Alors que la société d’État envisageait l’an dernier des surplus de 8,7 TWh (milliards de kilowatts/heure en 2013), les chiffres qui viennent d’être déposés font maintenant état de surplus de l’ordre de 13,4 TWh en 2014. C’est l’équivalent de trois fois la capacité de production de la centrale au gaz de Trans-Canada Energy, fermée pour cause de surplus depuis 2007.

Pour le directeur général de l’Association québécoise des consommateurs industriels d’électricité, les consommateurs québécois auront toute une surprise au mois d’août lorsqu’Hydro-Québec déposera sa demande pour de nouvelles hausses de tarifs pour 2014.

«L’ensemble des facteurs nous porte à croire que l’augmentation qui va être demandée au mois d’août par Hydro-Québec va graviter autour de 6,2% à 6,8%. C’est à peu près neuf fois le taux d’inflation actuel.»

Vers une hausse de 6 %

On se souviendra que l’an dernier, après quelques années de baisse, Hydro-Québec avait demandé une hausse de 2,9% de ses tarifs et que la Régie de l’Énergie avait finalement consenti à une hausse de 2,4% des tarifs de la Société d’État en avril 2013.

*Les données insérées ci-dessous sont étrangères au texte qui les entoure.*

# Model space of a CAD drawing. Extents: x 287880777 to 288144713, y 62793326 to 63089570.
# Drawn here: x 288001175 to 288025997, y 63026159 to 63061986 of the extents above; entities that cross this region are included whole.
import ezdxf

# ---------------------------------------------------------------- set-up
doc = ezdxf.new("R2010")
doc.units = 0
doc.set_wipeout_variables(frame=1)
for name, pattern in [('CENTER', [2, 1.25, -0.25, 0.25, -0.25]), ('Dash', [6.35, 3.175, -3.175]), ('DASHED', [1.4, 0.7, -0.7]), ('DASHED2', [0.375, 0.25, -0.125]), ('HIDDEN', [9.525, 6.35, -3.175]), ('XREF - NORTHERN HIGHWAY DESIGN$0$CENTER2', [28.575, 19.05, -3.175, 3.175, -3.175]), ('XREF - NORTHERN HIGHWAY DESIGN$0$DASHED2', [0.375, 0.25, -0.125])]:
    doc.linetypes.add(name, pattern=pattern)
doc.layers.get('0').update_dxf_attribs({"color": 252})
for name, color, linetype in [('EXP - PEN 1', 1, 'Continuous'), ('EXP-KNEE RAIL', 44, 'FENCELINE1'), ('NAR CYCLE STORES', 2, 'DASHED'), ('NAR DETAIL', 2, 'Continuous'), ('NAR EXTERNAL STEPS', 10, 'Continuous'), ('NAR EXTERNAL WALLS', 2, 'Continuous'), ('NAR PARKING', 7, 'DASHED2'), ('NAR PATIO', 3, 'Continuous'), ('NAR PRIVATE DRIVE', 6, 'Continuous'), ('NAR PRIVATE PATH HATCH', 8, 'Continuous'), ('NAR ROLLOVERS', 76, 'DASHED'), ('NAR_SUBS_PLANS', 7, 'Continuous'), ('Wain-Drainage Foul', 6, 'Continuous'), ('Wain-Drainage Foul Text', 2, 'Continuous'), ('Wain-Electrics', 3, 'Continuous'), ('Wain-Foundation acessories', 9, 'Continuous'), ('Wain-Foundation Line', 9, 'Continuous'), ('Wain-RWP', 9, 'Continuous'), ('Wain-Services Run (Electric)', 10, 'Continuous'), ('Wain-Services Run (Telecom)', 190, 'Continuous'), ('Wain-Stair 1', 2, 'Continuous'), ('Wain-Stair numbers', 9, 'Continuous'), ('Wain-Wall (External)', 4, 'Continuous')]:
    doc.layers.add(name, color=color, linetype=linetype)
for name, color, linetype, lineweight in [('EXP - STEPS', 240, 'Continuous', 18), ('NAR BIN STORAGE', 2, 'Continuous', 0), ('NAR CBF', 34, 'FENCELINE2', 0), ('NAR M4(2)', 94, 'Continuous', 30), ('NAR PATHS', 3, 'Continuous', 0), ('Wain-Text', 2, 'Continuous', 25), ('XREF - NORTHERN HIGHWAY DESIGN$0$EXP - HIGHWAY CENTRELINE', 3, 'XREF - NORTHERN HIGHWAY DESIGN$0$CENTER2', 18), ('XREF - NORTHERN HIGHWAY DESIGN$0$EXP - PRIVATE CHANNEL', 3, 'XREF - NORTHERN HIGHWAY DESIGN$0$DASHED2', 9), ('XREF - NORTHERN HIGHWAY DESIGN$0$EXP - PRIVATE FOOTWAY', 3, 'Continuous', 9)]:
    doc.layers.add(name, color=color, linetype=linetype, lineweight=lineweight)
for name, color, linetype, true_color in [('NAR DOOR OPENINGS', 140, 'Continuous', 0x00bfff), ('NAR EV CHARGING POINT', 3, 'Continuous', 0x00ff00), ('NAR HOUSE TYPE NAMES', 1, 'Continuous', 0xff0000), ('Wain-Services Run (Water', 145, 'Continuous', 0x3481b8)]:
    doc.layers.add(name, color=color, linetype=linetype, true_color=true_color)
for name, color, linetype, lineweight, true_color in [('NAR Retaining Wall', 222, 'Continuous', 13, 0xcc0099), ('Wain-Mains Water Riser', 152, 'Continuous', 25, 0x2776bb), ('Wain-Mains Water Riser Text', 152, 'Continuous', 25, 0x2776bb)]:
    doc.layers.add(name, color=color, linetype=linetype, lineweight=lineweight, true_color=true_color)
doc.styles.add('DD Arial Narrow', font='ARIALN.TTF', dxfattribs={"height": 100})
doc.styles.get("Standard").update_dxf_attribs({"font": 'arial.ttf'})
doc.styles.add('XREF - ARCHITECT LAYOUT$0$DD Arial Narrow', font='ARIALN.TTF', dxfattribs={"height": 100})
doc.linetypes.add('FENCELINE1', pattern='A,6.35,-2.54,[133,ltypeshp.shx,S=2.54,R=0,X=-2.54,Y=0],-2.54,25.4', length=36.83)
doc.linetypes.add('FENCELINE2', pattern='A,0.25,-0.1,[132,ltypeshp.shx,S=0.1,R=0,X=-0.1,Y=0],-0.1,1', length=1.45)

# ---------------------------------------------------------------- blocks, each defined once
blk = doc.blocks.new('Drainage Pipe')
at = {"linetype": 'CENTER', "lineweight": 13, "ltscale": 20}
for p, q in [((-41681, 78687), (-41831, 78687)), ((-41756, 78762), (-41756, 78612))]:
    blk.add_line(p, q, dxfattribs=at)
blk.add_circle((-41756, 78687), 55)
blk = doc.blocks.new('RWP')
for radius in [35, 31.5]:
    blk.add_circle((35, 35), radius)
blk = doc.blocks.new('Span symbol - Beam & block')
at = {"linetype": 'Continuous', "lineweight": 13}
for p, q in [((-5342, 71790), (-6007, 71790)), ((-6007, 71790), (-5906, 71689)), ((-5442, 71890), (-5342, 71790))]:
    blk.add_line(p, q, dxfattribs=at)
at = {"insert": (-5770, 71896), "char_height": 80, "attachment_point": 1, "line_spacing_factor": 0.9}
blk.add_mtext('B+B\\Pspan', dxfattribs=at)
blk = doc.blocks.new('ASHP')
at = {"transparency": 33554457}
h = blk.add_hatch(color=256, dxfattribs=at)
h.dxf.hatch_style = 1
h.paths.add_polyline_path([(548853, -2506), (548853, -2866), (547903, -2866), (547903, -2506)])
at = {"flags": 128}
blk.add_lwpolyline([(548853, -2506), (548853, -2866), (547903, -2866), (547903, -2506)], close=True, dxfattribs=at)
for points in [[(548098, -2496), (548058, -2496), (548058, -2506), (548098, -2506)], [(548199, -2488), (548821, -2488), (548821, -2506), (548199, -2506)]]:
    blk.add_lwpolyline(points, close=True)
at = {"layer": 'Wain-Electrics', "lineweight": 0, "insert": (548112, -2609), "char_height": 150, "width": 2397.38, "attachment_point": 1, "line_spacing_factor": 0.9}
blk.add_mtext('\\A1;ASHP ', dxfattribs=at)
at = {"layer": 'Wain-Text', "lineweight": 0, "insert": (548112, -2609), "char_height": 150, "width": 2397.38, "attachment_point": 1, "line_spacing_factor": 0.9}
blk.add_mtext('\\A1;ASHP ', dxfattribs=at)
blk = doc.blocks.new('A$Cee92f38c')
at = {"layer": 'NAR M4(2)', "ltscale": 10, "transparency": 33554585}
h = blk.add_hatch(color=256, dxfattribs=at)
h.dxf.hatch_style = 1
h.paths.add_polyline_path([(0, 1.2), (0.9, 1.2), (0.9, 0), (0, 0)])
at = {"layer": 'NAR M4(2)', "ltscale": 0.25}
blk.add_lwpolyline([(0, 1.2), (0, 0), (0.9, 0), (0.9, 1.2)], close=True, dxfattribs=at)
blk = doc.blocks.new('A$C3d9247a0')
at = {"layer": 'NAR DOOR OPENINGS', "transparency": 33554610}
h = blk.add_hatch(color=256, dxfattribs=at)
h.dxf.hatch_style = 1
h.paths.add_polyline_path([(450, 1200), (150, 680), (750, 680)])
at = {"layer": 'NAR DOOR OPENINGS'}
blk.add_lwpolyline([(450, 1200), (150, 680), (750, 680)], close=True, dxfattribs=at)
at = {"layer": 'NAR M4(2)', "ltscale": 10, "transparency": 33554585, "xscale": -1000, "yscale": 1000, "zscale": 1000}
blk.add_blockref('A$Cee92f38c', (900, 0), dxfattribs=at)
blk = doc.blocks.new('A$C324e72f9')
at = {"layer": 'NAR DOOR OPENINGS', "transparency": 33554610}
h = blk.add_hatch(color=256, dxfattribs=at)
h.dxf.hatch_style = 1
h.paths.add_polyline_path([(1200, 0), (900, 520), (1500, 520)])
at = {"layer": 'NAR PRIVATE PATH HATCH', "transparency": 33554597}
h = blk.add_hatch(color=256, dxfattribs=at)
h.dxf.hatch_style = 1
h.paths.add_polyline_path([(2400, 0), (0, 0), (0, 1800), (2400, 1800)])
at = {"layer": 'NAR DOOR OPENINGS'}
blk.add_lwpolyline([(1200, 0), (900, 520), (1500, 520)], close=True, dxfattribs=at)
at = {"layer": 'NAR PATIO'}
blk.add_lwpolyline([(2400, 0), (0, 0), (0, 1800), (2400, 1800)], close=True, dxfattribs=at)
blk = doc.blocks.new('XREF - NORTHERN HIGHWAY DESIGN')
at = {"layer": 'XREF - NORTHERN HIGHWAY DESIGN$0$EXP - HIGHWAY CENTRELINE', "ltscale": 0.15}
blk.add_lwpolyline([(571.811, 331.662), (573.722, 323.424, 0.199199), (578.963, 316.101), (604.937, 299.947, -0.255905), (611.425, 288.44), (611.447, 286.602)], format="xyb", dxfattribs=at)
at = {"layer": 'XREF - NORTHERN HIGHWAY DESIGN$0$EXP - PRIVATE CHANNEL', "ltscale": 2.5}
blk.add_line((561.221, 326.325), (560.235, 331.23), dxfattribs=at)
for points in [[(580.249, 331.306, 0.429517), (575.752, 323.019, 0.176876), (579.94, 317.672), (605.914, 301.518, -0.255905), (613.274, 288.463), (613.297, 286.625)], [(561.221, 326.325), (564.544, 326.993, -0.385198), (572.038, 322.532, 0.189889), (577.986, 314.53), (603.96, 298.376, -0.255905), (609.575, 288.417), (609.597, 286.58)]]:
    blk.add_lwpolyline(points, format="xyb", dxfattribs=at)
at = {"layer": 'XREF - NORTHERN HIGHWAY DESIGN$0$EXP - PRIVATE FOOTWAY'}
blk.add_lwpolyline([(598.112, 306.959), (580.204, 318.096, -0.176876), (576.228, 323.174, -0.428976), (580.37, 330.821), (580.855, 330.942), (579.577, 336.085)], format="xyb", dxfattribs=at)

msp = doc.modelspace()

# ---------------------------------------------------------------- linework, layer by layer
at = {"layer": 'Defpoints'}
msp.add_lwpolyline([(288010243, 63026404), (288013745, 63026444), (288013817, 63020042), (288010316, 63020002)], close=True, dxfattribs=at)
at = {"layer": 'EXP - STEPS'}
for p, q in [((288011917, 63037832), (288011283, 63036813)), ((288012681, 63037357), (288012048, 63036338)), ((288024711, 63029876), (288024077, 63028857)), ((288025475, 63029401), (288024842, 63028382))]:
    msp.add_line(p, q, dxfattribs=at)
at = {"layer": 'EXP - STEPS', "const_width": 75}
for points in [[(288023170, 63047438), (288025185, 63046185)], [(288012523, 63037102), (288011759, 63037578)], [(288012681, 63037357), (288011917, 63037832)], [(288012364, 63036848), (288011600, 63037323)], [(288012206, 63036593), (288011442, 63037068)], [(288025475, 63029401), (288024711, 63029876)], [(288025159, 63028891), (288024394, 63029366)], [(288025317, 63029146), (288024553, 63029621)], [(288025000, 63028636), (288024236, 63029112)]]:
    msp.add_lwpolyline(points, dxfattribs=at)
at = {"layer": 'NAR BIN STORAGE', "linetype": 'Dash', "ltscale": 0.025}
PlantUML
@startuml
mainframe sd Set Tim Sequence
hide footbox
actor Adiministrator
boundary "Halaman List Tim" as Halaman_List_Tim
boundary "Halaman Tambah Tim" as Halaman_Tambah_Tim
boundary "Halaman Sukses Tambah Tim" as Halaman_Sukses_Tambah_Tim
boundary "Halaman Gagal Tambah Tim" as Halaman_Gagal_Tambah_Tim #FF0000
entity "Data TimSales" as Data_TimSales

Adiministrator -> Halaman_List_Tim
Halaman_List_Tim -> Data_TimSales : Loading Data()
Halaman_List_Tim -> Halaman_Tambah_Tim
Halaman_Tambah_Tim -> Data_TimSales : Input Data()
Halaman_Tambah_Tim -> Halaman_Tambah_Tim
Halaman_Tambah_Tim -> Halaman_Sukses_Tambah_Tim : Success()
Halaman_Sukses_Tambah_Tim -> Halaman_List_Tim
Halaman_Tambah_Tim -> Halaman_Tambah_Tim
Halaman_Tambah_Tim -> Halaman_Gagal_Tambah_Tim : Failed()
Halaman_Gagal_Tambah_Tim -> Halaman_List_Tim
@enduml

Autre facteur qui pourrait contribuer à une demande de hausse des tarifs au mois d’août, la société d’État voudrait voir une augmentation de son rendement de 6 à 9,2% pour ses filiales réglementées que sont Hydro-Québec Distribution et TransÉnergie.

«Dans ce contexte, nous pensons que l’augmentation de plus de 6% qui serait demandée par Hydro-Québec est très crédible, compte tenu de l’information disponible dans huit dossiers en cours devant la Régie de l’énergie.»

En fait, la grande industrie composée des alumineries, des papetières, de l’industrie chimique, des mines, pour ne mentionner que celles-là, ne consomme plus que 30% de l’énergie consommée au Québec.

Baisse de consommation

Traditionnellement, elle consommait 40% de toute l’énergie produite par Hydro-Québec. La hausse de la consommation résidentielle ne comble tout simplement plus le vide laissé par la grande industrie.

Globalement, la consommation québécoise d’électricité incluant les pertes pour le transport, passe maintenant de 186 TWh en 2013 à 183 TWh en 2014.

En dépit de ces surplus et de la chute de la demande québécoise, la première ministre Marois a annoncé le printemps dernier, pour l’industrie éolienne et la Gaspésie, une augmentation de la capacité de production de 800 MW qui viendront s’ajouter aux 3,139 MW déjà construits ou en voie de l’être et qui seront éventuellement facturés aux clients d’Hydro-Québec, qu’ils en aient besoin ou non.

À croire que les Américains, contrairement aux Québécois, n’auront pas à payer très cher l’électricité produite par les éoliennes et les centrales du Québec.